Like someone posted they work well with a failed trap primer. Most of the time, not always, but most a customer didn't want to pay for us to come out and bust the floor due to a leaking primer line. We would cap if off at the wall and drop one in.

They aren't meant to replace the p trap, although I have heard of some "plumbers" here doing it, and failing the rough right off the bat.

They are rather pricey for a piece of rubber but serve their purpose when they are needed.


----------



## Rando (Dec 31, 2012)

I've seen them stick shut, then if there's a small trickle draining into them like an ice machine or a condensate drain you have a mess.


----------



## dhal22 (Jul 30, 2010)

I helped out a company a few years ago plumbing a few commercial buildings. I had a slab plumbed perfectly and inspected awaiting a pour. The plumbing company I was helping misread the plans, panicked and moved a 3" pipe out of the wall, before the pour and into the floor area, thinking is was a floor drain pipe. They boxed out the slab and everything. I left it as a floor drain and used one of the above items to eliminate the need to bust the concrete and add a trap (and a trap primer). We had an 11 month walkthrough and it was still performing fine.


----------



## Flyout95 (Apr 13, 2012)

dhal22 said:


> I helped out a company a few years ago plumbing a few commercial buildings. I had a slab plumbed perfectly and inspected awaiting a pour. The plumbing company I was helping misread the plans, panicked and moved a 3" pipe out of the wall, before the pour and into the floor area, thinking is was a floor drain pipe. They boxed out the slab and everything. I left it as a floor drain and used one of the above items to eliminate the need to bust the concrete and add a trap (and a trap primer). We had an 11 month walkthrough and it was still performing fine.


Eeek. Why not just fix it right? I'm not saying it doesn't work, but it's obviously not right... You know?


----------



## SewerRatz (Apr 25, 2009)

I just came across one of those. The property was complaining about a foul odor. I unscrewed the floor drain cover and to my surprise was one of these stuck in the drain. It was foul, had mold and slime all on the inside. When they mop the floors here they flood the bathroom and squeegee it all to the drain. So these things act like a collection point for some of the nastiest, smelliest crap.


----------



## plumbing ninja (Jan 15, 2012)

How will the SEAL team swim up the sewer n rescue the hostages?


----------



## Gargalaxy (Aug 14, 2013)

Got called for an small leak in a restroom (sink p trap). Also they asked me to check a sewer smell and this is what I found.....

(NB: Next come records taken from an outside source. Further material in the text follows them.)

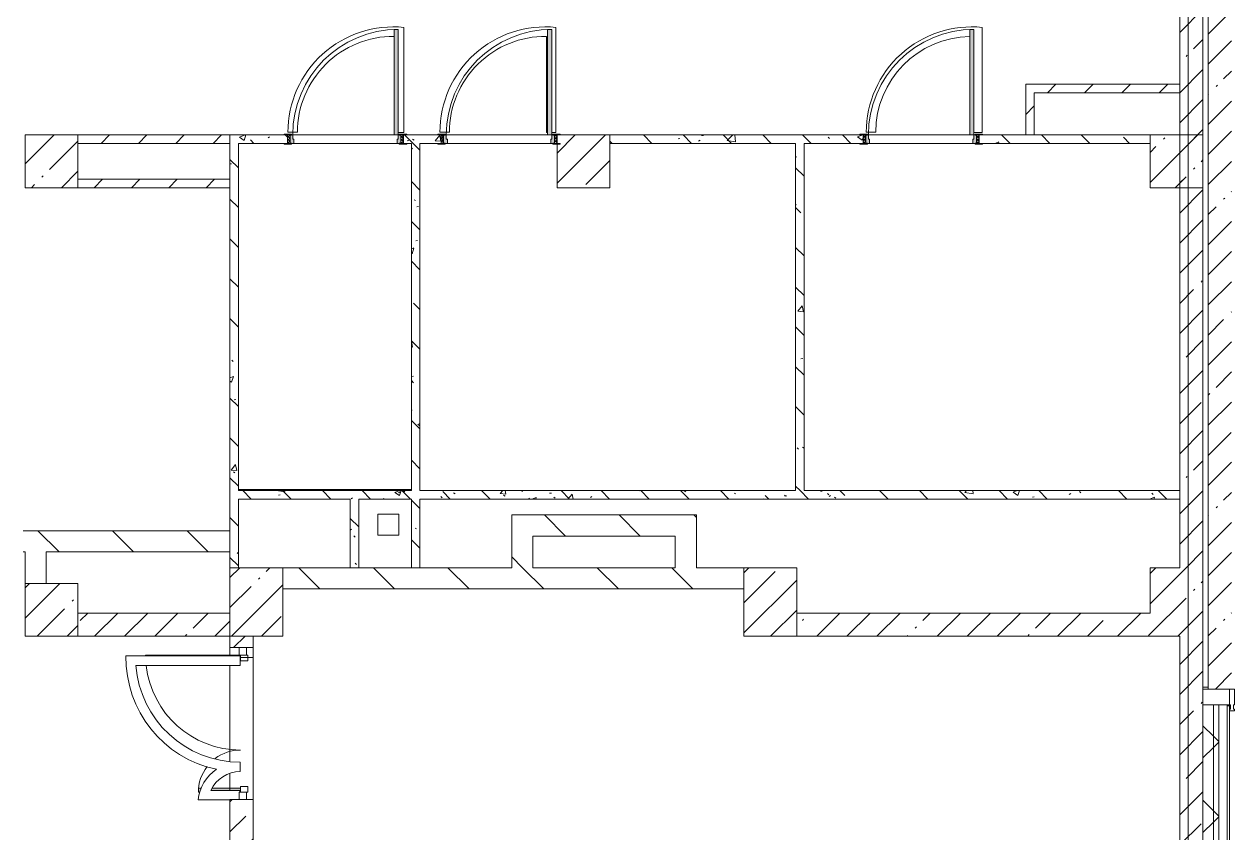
# Model space of a CAD drawing. Header units: millimetres. Extents: x -2911 to 185522, y -8553 to 29000.
# Drawn here: x 132042 to 143476, y 9037 to 16700 of the extents above; entities that cross this region are included whole.
import ezdxf

# ---------------------------------------------------------------- set-up
doc = ezdxf.new("R2010")
doc.units = ezdxf.units.MM
doc.linetypes.add('Осевая', pattern=[3175, 635, -476.25, 1587.5, -476.25])
for name, color, linetype, lineweight, true_color in [('A-DETL-GENF-3', 7, 'Continuous', 5, 0xaaaaaa), ('A-DOOR-2', 7, 'Continuous', 5, 0xaaaaaa), ('A-DOOR-3', 7, 'Continuous', 5, 0xe2e2e2), ('A-DOOR-FRAM-1', 7, 'Continuous', 5, 0xe2e2e2), ('A-DOOR-FRAM-2', 7, 'Continuous', 5, 0xaaaaaa), ('A-FLOR-2', 7, 'Continuous', 5, 0xaaaaaa), ('I-WALL-5', 7, 'Continuous', 5, 0x787878)]:
    doc.layers.add(name, color=color, linetype=linetype, lineweight=lineweight, true_color=true_color)
for name, color, linetype, lineweight in [('A-GLAZ-CWMG-4', 7, 'Continuous', 5), ('A-WALL', 7, 'Continuous', 9), ('A-WALL-4', 7, 'Continuous', 5), ('I-WALL-3', 7, 'Continuous', 5), ('S-COLS-2', 7, 'Continuous', 5), ('Оси', 7, 'Continuous', 9), ('Оси-2', 7, 'Осевая', 9)]:
    doc.layers.add(name, color=color, linetype=linetype, lineweight=lineweight)
pattern_1 = [(45, (58512.3, 0), (-285.1231, 285.1231), []), (45, (58797.44, 0), (-285.1231, 285.1231), [504.031, -100.806, 16.764, -84.042])]
pattern_2 = [(135, (58512.3, 0), (-353.5534, -353.5534), [])]
pattern_3 = [(45, (58512.3, 0), (-353.5534, 353.5534), []), (135, (58512.3, 0), (-353.5534, -353.5534), [])]
pattern_4 = [(135, (58512.3, 0), (-377.1708, -377.1708), [533.4, -88.9, 17.78, -88.9]), (135, (58512.3, 376.94), (-377.1708, -377.1708), []), (50, (58512.3, 0), (637.6445, -55.7866), [66.675, -733.425]), (355, (58512.3, 0), (-123.3494, 668.699), [53.34, -586.74]), (100.451, (58565.45, -4.65), (514.299, 612.908), [56.665, -623.315]), (46.184, (58512.3, 177.8), (948.7764, -147.15), [100.012, -1100.137]), (96.636, (58591.4, 165.5), (830.909, 865.997), [84.998, -934.973]), (351.184, (58512.3, 177.8), (830.918, 865.988), [80.01, -880.11]), (21, (58601.2, 133.35), (530.6506, -357.9283), [66.675, -733.425]), (326, (58601.2, 133.35), (216.308, 644.6585), [53.34, -586.74]), (71.451, (58645.44, 103.5), (746.9596, 286.7243), [56.665, -623.315]), (37.5, (58512.32, 0), (10.81053, 295.9426), [16.764, -562.864, 16.764, -578.866, -588.962]), (37.5, (58512.32, 0), (10.81053, 295.9426), [-1175.258, 16.764, -572.198]), (7.5, (58512.3, 0), (233.8692, 350.6318), [16.764, -322.834, 16.764, -549.529, -224.472]), (7.5, (58512.3, 0), (233.8692, 350.6318), [-905.891, 16.764, -207.708]), (327.5, (58314.07, 0), (474.5678, -20.0513), [16.764, -205.486, 16.764, -676.656, -920.115]), (327.5, (58314.07, 0), (474.5678, -20.0513), [-915.67, 16.764, -903.351]), (317.5, (58225.17, 0), (518.4522, 88.9934), [16.764, -272.161, 16.764, -443.738, -653.415]), (317.5, (58225.17, 0), (518.4522, 88.9934), [-749.427, 16.764, -636.651])]
pattern_5 = [(135, (1751.41, 104.685), (-14.14214, -14.14214), []), (225, (1751.41, 104.685), (14.14214, -14.14214), [])]
pattern_6 = [(45, (-371.384, 104.685), (-14.1421, 14.1421), []), (135, (-371.384, 104.685), (-14.1421, -14.1421), [])]
pattern_7 = [(45, (58512.32, 0), (-176.7767, 176.7767), [])]

# ---------------------------------------------------------------- blocks, each defined once
blk = doc.blocks.new('BSC_Колонна _Прямоугольная - 650х500-23287315-2_7_1_птичка')
at = {"layer": 'S-COLS-2'}
h = blk.add_hatch(dxfattribs=at)
h.set_pattern_fill('FP_129', color=256, style=0, pattern_type=2)
h.set_pattern_definition([(135, (11225, -75730), (-285.1231, -285.1231), []), (135, (11225, -75444.88), (-285.1231, -285.1231), [504.031, -100.806, 16.764, -84.042])])
h.paths.add_polyline_path([(325, 250), (-325, 250), (-325, -250), (325, -250), (325, 111)])
for p, q in [((325, 250), (-325, 250)), ((-325, 250), (-325, -250)), ((325, -250), (325, 250)), ((-325, -250), (325, -250))]:
    blk.add_line(p, q, dxfattribs=at)
blk = doc.blocks.new('BSC_Колонна _Прямоугольная - 500х500-V118-2_7_1_птичка')
at = {"layer": 'S-COLS-2'}
h = blk.add_hatch(dxfattribs=at)
h.set_pattern_fill('FP_130', color=256, style=0, pattern_type=2)
h.set_pattern_definition([(45, (-73790, -11150), (-285.1231, 285.1231), []), (45, (-73504.88, -11150), (-285.1231, 285.1231), [504.031, -100.806, 16.764, -84.042])])
h.paths.add_polyline_path([(-250, -250), (250, -250), (250, 250), (-250, 250), (-250, 71)])
for p, q in [((250, 250), (-250, 250)), ((-250, 250), (-250, -250)), ((250, -250), (250, 250)), ((-250, -250), (250, -250))]:
    blk.add_line(p, q, dxfattribs=at)
blk = doc.blocks.new('BSC_Колонна _Прямоугольная - 500х500-V137-2_7_1_птичка')
at = {"layer": 'S-COLS-2'}
h = blk.add_hatch(dxfattribs=at)
h.set_pattern_fill('FP_144', color=256, style=0, pattern_type=2)
h.set_pattern_definition([(45, (-73790, -15400), (-285.1231, 285.1231), []), (45, (-73504.88, -15400), (-285.1231, 285.1231), [504.031, -100.806, 16.764, -84.042])])
h.paths.add_polyline_path([(-250, -250), (250, -250), (250, 250), (-250, 250)])
for p, q in [((250, 250), (-250, 250)), ((-250, 250), (-250, -250)), ((250, -250), (250, 250)), ((-250, -250), (250, -250))]:
    blk.add_line(p, q, dxfattribs=at)
blk = doc.blocks.new('BSC_Колонна _Прямоугольная - 500х500-V138-2_7_1_птичка')
at = {"layer": 'S-COLS-2'}
h = blk.add_hatch(dxfattribs=at)
h.set_pattern_fill('FP_145', color=256, style=0, pattern_type=2)
h.set_pattern_definition([(45, (-78830, -15400), (-285.1231, 285.1231), []), (45, (-78544.88, -15400), (-285.1231, 285.1231), [504.031, -100.806, 16.764, -84.042])])
h.paths.add_polyline_path([(-250, -250), (250, -250), (250, 250), (-250, 250), (-250, 170), (-220, 170), (-220, 162), (-250, 162)])
for p, q in [((250, 250), (-220, 250)), ((250, -250), (250, 250)), ((-250, 162), (-250, -250)), ((-250, -250), (250, -250))]:
    blk.add_line(p, q, dxfattribs=at)
blk = doc.blocks.new('110_Дверь_СКБ_1Ст_Внутренняя1 - Д-4 _л_ 1100x2100h_су мгн-32399984-2_7_1_птичка')
at = {"layer": 'A-DOOR-2'}
h = blk.add_hatch(dxfattribs=at)
h.set_pattern_fill('FP_125', color=256, style=0, pattern_type=2)
h.set_pattern_definition(pattern_5)
h.paths.add_polyline_path([(562.5, -40), (562.5, 40), (537.5, 40), (537.5, -40)])
at = {"layer": 'A-DOOR-3'}
h = blk.add_hatch(color=256, dxfattribs=at)
h.paths.add_polyline_path([(502.5, -40), (537.5, -40), (537.5, 40), (512.5, 40), (512.5, 0), (502.5, 0)])
h.paths.add_polyline_path([(-477.5, -40), (-477.5, 0), (-487.5, 0), (-487.5, 40), (-512.5, 40), (-512.5, -40)])
at = {"layer": 'A-DOOR-FRAM-1'}
for points in [[(472.5, 40), (512.5, 40), (512.5, 1040), (472.5, 1040), (472.5, 238.6)], [(-497.5, 40), (-497.5, 48), (-567.5, 48), (-567.5, 40)], [(592.5, 40), (592.5, 48), (522.5, 48), (522.5, 40)], [(-497.5, -48), (-497.5, -40), (-567.5, -40), (-567.5, -48)], [(592.5, -48), (592.5, -40), (522.5, -40), (522.5, -48)]]:
    blk.add_hatch(color=256, dxfattribs=at).paths.add_polyline_path(points)
at = {"layer": 'A-DOOR-FRAM-2'}
h = blk.add_hatch(dxfattribs=at)
h.set_pattern_fill('FP_126', color=256, style=0, pattern_type=2)
h.set_pattern_definition(pattern_6)
h.paths.add_polyline_path([(-512.5, -40), (-512.5, 40), (-537.5, 40), (-537.5, -40)])
at = {"layer": 'A-DOOR-2'}
for p, q in [((512.5, 1040), (472.5, 1040)), ((472.5, 1040), (472.5, 40)), ((512.5, 40), (512.5, 1040)), ((472.5, 40), (512.5, 40))]:
    blk.add_line(p, q, dxfattribs=at)
blk.add_arc((512.5, 40), 1000, 90, 180, dxfattribs=at)
at = {"layer": 'A-DOOR-FRAM-2'}
for p, q in [((-497.5, 48), (-567.5, 48)), ((-567.5, 48), (-567.5, 40)), ((-567.5, 40), (-497.5, 40)), ((-512.5, 40), (-537.5, 40)), ((-537.5, 40), (-537.5, -40)), ((-487.5, 40), (-512.5, 40)), ((-512.5, 40), (-512.5, -40)), ((-512.5, -40), (-512.5, 40)), ((-497.5, 40), (-512.5, 40)), ((-512.5, 40), (-512.5, 39)), ((-512.5, 39), (-497.5, 39)), ((-497.5, 40), (-497.5, 48)), ((-497.5, 39), (-497.5, 40)), ((-487.5, 0), (-487.5, 40)), ((-477.5, 0), (-487.5, 0)), ((-477.5, -40), (-477.5, 0)), ((512.5, 0), (502.5, 0)), ((502.5, 0), (502.5, -40)), ((512.5, 40), (512.5, 0)), ((537.5, 40), (512.5, 40)), ((592.5, 48), (522.5, 48)), ((522.5, 48), (522.5, 40)), ((537.5, 40), (522.5, 40)), ((522.5, 40), (522.5, 39)), ((522.5, 40), (592.5, 40)), ((522.5, 39), (537.5, 39)), ((537.5, -40), (537.5, 40)), ((562.5, 40), (537.5, 40)), ((537.5, 40), (537.5, -40)), ((537.5, 39), (537.5, 40)), ((562.5, -40), (562.5, 40)), ((592.5, 40), (592.5, 48)), ((-497.5, -40), (-567.5, -40)), ((-567.5, -40), (-567.5, -48)), ((-567.5, -48), (-497.5, -48)), ((-537.5, -40), (-512.5, -40)), ((-497.5, -39), (-512.5, -39)), ((-512.5, -39), (-512.5, -40)), ((-512.5, -40), (-477.5, -40)), ((-512.5, -40), (-497.5, -40)), ((-497.5, -40), (-497.5, -39)), ((-497.5, -48), (-497.5, -40)), ((502.5, -40), (537.5, -40)), ((537.5, -39), (522.5, -39)), ((522.5, -39), (522.5, -40)), ((522.5, -40), (537.5, -40)), ((592.5, -40), (522.5, -40)), ((522.5, -40), (522.5, -48)), ((522.5, -48), (592.5, -48)), ((537.5, -40), (537.5, -39)), ((537.5, -40), (562.5, -40)), ((592.5, -48), (592.5, -40))]:
    blk.add_line(p, q, dxfattribs=at)
blk = doc.blocks.new('Прямоугольный импост - Импост структурный с накладкой - 190мм-23946641-2_7_1_птичка')
at = {"layer": 'A-GLAZ-CWMG-4'}
for p, q in [((0, 17), (-50, 17)), ((-50, 17), (-50, 0)), ((-50, 0), (-40, 0)), ((-40, 0), (-40, -40)), ((-10, -40), (-10, 0)), ((-10, 0), (0, 0)), ((0, 0), (0, 17)), ((-40, -40), (-50, -40)), ((-50, -40), (-50, -190)), ((0, -40), (-10, -40)), ((0, -190), (0, -40)), ((-50, -190), (0, -190))]:
    blk.add_line(p, q, dxfattribs=at)
blk = doc.blocks.new('110_Дверь_СКБ_1Ст_Внутренняя1 - Д-5 _л_ 1100x2100h_су мгн EIW30-32897889-2_7_1_птичка')
at = {"layer": 'A-DOOR-2'}
h = blk.add_hatch(dxfattribs=at)
h.set_pattern_fill('FP_125', color=256, style=0, pattern_type=2)
h.set_pattern_definition(pattern_5)
h.paths.add_polyline_path([(562.5, -40), (562.5, 40), (537.5, 40), (537.5, -40)])
at = {"layer": 'A-DOOR-3'}
h = blk.add_hatch(color=256, dxfattribs=at)
h.paths.add_polyline_path([(502.5, -40), (537.5, -40), (537.5, 40), (512.5, 40), (512.5, 0), (502.5, 0)])
h.paths.add_polyline_path([(-477.5, -40), (-477.5, 0), (-487.5, 0), (-487.5, 40), (-512.5, 40), (-512.5, -40)])
at = {"layer": 'A-DOOR-FRAM-1'}
for points in [[(472.5, 40), (512.5, 40), (512.5, 1040), (472.5, 1040), (472.5, 238.6)], [(-497.5, 40), (-497.5, 48), (-567.5, 48), (-567.5, 40)], [(592.5, 40), (592.5, 48), (522.5, 48), (522.5, 40)], [(-497.5, -48), (-497.5, -40), (-567.5, -40), (-567.5, -48)], [(592.5, -48), (592.5, -40), (522.5, -40), (522.5, -48)]]:
    blk.add_hatch(color=256, dxfattribs=at).paths.add_polyline_path(points)
at = {"layer": 'A-DOOR-FRAM-2'}
h = blk.add_hatch(dxfattribs=at)
h.set_pattern_fill('FP_126', color=256, style=0, pattern_type=2)
h.set_pattern_definition(pattern_6)
h.paths.add_polyline_path([(-512.5, -40), (-512.5, 40), (-537.5, 40), (-537.5, -40)])
at = {"layer": 'A-DOOR-2'}
for p, q in [((512.5, 1040), (472.5, 1040)), ((472.5, 1040), (472.5, 40)), ((512.5, 40), (512.5, 1040)), ((472.5, 40), (512.5, 40))]:
    blk.add_line(p, q, dxfattribs=at)
blk.add_arc((512.5, 40), 1000, 90, 180, dxfattribs=at)
at = {"layer": 'A-DOOR-FRAM-2'}
for p, q in [((-497.5, 48), (-567.5, 48)), ((-567.5, 48), (-567.5, 40)), ((-567.5, 40), (-497.5, 40)), ((-512.5, 40), (-537.5, 40)), ((-537.5, 40), (-537.5, -40)), ((-487.5, 40), (-512.5, 40)), ((-512.5, 40), (-512.5, -40)), ((-512.5, -40), (-512.5, 40)), ((-497.5, 40), (-512.5, 40)), ((-512.5, 40), (-512.5, 39)), ((-512.5, 39), (-497.5, 39)), ((-497.5, 40), (-497.5, 48)), ((-497.5, 39), (-497.5, 40)), ((-487.5, 0), (-487.5, 40)), ((-477.5, 0), (-487.5, 0)), ((-477.5, -40), (-477.5, 0)), ((512.5, 0), (502.5, 0)), ((502.5, 0), (502.5, -40)), ((512.5, 40), (512.5, 0)), ((537.5, 40), (512.5, 40)), ((592.5, 48), (522.5, 48)), ((522.5, 48), (522.5, 40)), ((537.5, 40), (522.5, 40)), ((522.5, 40), (522.5, 39)), ((522.5, 40), (592.5, 40)), ((522.5, 39), (537.5, 39)), ((537.5, -40), (537.5, 40)), ((562.5, 40), (537.5, 40)), ((537.5, 40), (537.5, -40)), ((537.5, 39), (537.5, 40)), ((562.5, -40), (562.5, 40)), ((592.5, 40), (592.5, 48)), ((-497.5, -40), (-567.5, -40)), ((-567.5, -40), (-567.5, -48)), ((-567.5, -48), (-497.5, -48)), ((-537.5, -40), (-512.5, -40)), ((-497.5, -39), (-512.5, -39)), ((-512.5, -39), (-512.5, -40)), ((-512.5, -40), (-477.5, -40)), ((-512.5, -40), (-497.5, -40)), ((-497.5, -40), (-497.5, -39)), ((-497.5, -48), (-497.5, -40)), ((502.5, -40), (537.5, -40)), ((537.5, -39), (522.5, -39)), ((522.5, -39), (522.5, -40)), ((522.5, -40), (537.5, -40)), ((592.5, -40), (522.5, -40)), ((522.5, -40), (522.5, -48)), ((522.5, -48), (592.5, -48)), ((537.5, -40), (537.5, -39)), ((537.5, -40), (562.5, -40)), ((592.5, -48), (592.5, -40))]:
    blk.add_line(p, q, dxfattribs=at)
blk = doc.blocks.new('BSC_Колонна _Прямоугольная - 650х500-V183-2_7_1_птичка')
at = {"layer": 'S-COLS-2'}
h = blk.add_hatch(dxfattribs=at)
h.set_pattern_fill('FP_185', color=256, style=0, pattern_type=2)
h.set_pattern_definition([(135, (11225, -80600), (-285.1231, -285.1231), []), (135, (11225, -80314.88), (-285.1231, -285.1231), [504.031, -100.806, 16.764, -84.042])])
h.paths.add_polyline_path([(325, 250), (-325, 250), (-325, -250), (325, -250), (325, -121)])
for p, q in [((325, 250), (-325, 250)), ((-325, 250), (-325, -250)), ((325, -250), (325, 250)), ((-325, -250), (325, -250))]:
    blk.add_line(p, q, dxfattribs=at)
blk = doc.blocks.new('Прямоугольный импост - 50 x 70 мм-V226-2_7_1_птичка')
at = {"layer": 'A-GLAZ-CWMG-4'}
for p, q in [((-70, 35), (0, 35)), ((-70, -35), (-70, 35)), ((0, 35), (0, -35)), ((0, -35), (-70, -35))]:
    blk.add_line(p, q, dxfattribs=at)
blk = doc.blocks.new('Дверь_Витражная_остекление_ - ДВН_ДАО_Главный вход_1200 в свету Д-22 _п_-32403398-2_7_1_птичка')
at = {"layer": 'A-DOOR-3'}
blk.add_hatch(color=256, dxfattribs=at).paths.add_polyline_path([(610, 24), (610, 20), (650, 24), (650, 920), (642, 920), (642, 24)])
h = blk.add_hatch(color=256, dxfattribs=at)
h.paths.add_polyline_path([(-650, 408), (-650, 407), (-610, 392), (-610, 420), (-650, 420)])
h.paths.add_polyline_path([(-650, 27), (-650, 20), (-610, 20), (-610, 289), (-633, 302), (-633, 27)])
at = {"layer": 'A-DETL-GENF-3'}
for p, q in [((650, 920), (642, 920)), ((650, 35), (650, 920)), ((-610, 420), (-650, 420)), ((-650, 420), (-650, 407)), ((-610, 392), (-610, 420)), ((-610, 20), (-610, 289)), ((-650, 20), (-610, 20)), ((-595, 20), (-650, 20)), ((-595, -50), (-595, 20)), ((595, -50), (595, 20)), ((595, 20), (650, 20)), ((610, 20), (650, 20)), ((-650, -35), (-650, -50)), ((-650, -50), (-595, -50)), ((650, -50), (595, -50)), ((650, -35), (650, -50))]:
    blk.add_line(p, q, dxfattribs=at)
at = {"layer": 'A-DOOR-2'}
for p, q in [((650, 920), (650, 35)), ((-650, 420), (-650, 407))]:
    blk.add_line(p, q, dxfattribs=at)
for centre, radius, start, end in [((650, 20), 900, 90, 90.5109), ((650, 20), 900, 96.319, 180), ((-650, 20), 400, 52.4742, 90), ((-650, 20), 400, 360, 37.0443)]:
    blk.add_arc(centre, radius, start, end, dxfattribs=at)
blk = doc.blocks.new('Прямоугольный импост - 50 x 70 мм-V218-2_7_1_птичка')
at = {"layer": 'A-GLAZ-CWMG-4'}
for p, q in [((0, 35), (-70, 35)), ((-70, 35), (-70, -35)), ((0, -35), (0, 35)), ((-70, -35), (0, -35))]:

Now I got the answer to my question and confirmed what I was told from some others plumbers..... love this things, chipping hammer time and trap primer valve on the way :yes:
P.S. I purchased one of this thing to try on an emergency, looks like I'll be stock with it, no way in the world I'll use it.


----------



## justme (Jul 4, 2012)

how long has it been in there?


----------



## Gargalaxy (Aug 14, 2013)

No idea but isn't in there anymore. This is about 4 years old building so maybe from the beginning.


----------



## Redwood (Sep 8, 2008)

Oh Cool...

Now that we don't need traps we can skip using vents too...
We'll just start plumbing like they do in Shanghi...
Open sewers in the street gutters here we come...


----------



## chonkie (Jul 31, 2014)

It kinda looks like a critter chewed on it.


----------



## Tommy plumber (Feb 19, 2010)

An after-market product so the handyman can shove it down the floor drain to keep the sewer gas at bay. That way the building managment doesn't have to be over-charged by some droopy-pants, greedy plumber who insists that the trap primer needs to be repaired.


----------



## pianoplumber (Apr 19, 2014)

Reminds me of a waterless urinal


----------



## BC73RS (Jan 25, 2014)

Gargalaxy said:


> Got called for an small leak in a restroom (sink p trap). Also they asked me to check a sewer smell and this is what I found...


Well, that's good enough for me, and is on my do not install list.:yes:


----------